# Ultimate Fishing Show Novi Buy 1 Get 1 Free Tickets



## dayooper

Merry Christmas and a Happy New year!!

TJ's Tackle will again be at the Ultimate Fishing Show in Novi this year at booth 2205. We again will be demonstrating our fluid beds and air brushes. We also have a few new products this year, new colors of powder paint, Captain Jay's Blade Baits, beads, snells, harness components, and others. Stop by and say "Hi". It is always nice to put a screen name to a face.

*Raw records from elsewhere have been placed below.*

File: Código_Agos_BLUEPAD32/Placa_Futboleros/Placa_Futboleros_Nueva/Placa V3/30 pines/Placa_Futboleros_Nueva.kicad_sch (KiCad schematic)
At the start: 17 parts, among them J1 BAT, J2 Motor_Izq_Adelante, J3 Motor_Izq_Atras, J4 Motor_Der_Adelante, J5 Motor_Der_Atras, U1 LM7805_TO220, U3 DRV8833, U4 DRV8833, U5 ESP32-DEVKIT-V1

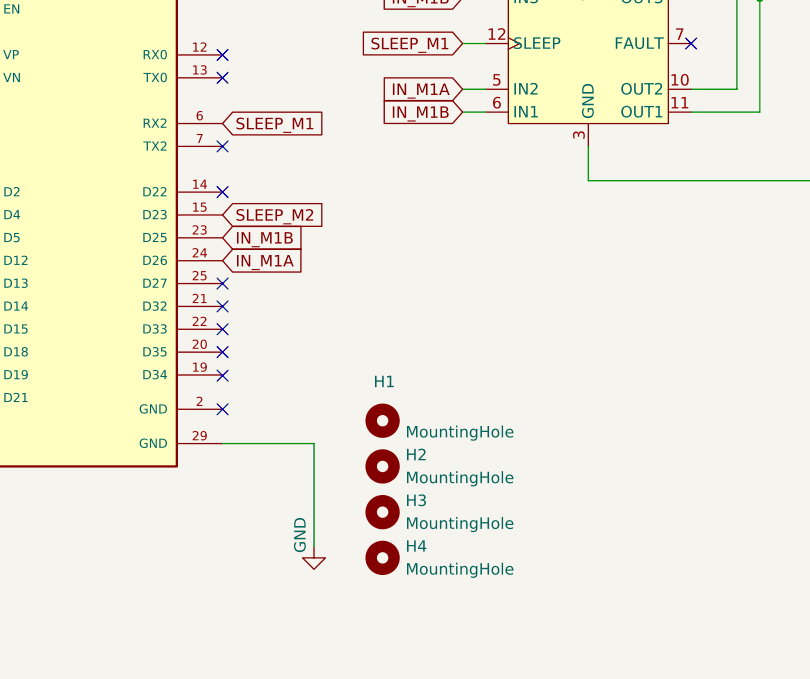
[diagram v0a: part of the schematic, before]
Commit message: Idea e Implementación Futura para Placa 30 pines V3
Se agrega un divisor resistivo de las baterías al ADC para monitoreo
y lectura del voltaje de las baterías para mnostrar en la web cuando
se active el AP; con el fin de también poseer un historial de mediciones
y calcular la cantidad de partidos.

También conviene para regular el PWM en función del voltaje
recibido para mantener la potencia en los motores.
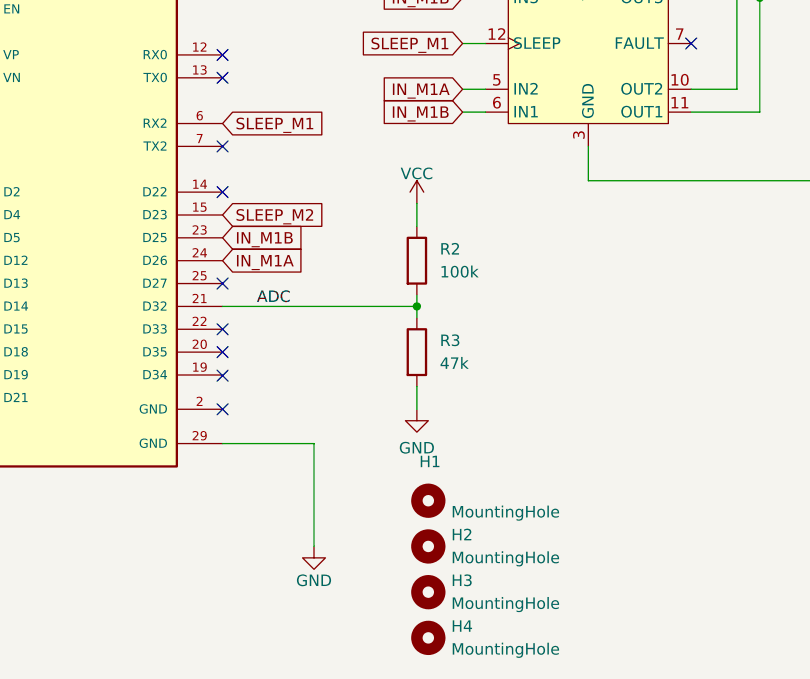
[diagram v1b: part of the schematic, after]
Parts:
- added R2: 100k, Resistor_THT:R_Axial_DIN0207_L6.3mm_D2.5mm_P10.16mm_Horizontal, symbol Device:R
- added R3: 47k, Resistor_THT:R_Axial_DIN0207_L6.3mm_D2.5mm_P10.16mm_Horizontal, symbol Device:R
- U5: footprint ESP32-DEVKIT-V1:MODULE_ESP32_DEVKIT_V1 -> MODULE_ESP32_DEVKIT_V1:MODULE_ESP32_DEVKIT_V1
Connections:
- net GND: now also R3.2
- net VCC: now also R2.1
- net ADC: now reaches U5.21 (D32)
- net ADC: now also R2.2, R3.1
- no-connect marks 21 -> 20
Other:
- moved on the sheet: H1, H2, H3, H4

To help you get to the show, I have a bunch of Buy One Get One Free Attendance Tickets. If you are interested, please PM me your snail mail address and I will get them in the mail for you. Please limit requests to 4 per house hold as I have a limited amount of these. First come, first serve. 

Hope to see you there!!

Thanks,
Benjamin
TJ's Tackle


----------



## wcmilus

can you email me the 2 for one coupons? Thanks Bill


----------



## Dale N

Can you email me 2 tickets for the fishing show


----------



## dayooper

Sorry guys, I was already at the fishing show and I had run out of tickets over a week ago. I hope you still made it to the show. 

Thanks,
Benjamin


----------



## WALLEYE MIKE

I stopped by and said hi.


----------



## annmkon

If you have some tickets left I'd appreciate it!!
We are a family of 4!
Thank you,
Ann
[email protected]


----------



## rick on a fly

TJ's tackle, are you doing the discount tickets this year?


----------



## dayooper

Yes, I have some BOGO tickets left. PM me your mailing address and I will get them in the mail for you.

Thanks,
Benjamin


----------



## rick on a fly

Thanks Benjamin


----------



## angelique marineau

I would Like tickets for a family of four Tjs tackle if there are still some?
Please and Thank You!!


----------



## dayooper

No problem. Please PM me your mailing address and I will get them in the mail for you.

Thanks,
Benjamin


----------



## rick on a fly

What is your booth number Benjamin


----------



## dayooper

We are in booth 2202. See you there!

Thanks, 
Benjamin


----------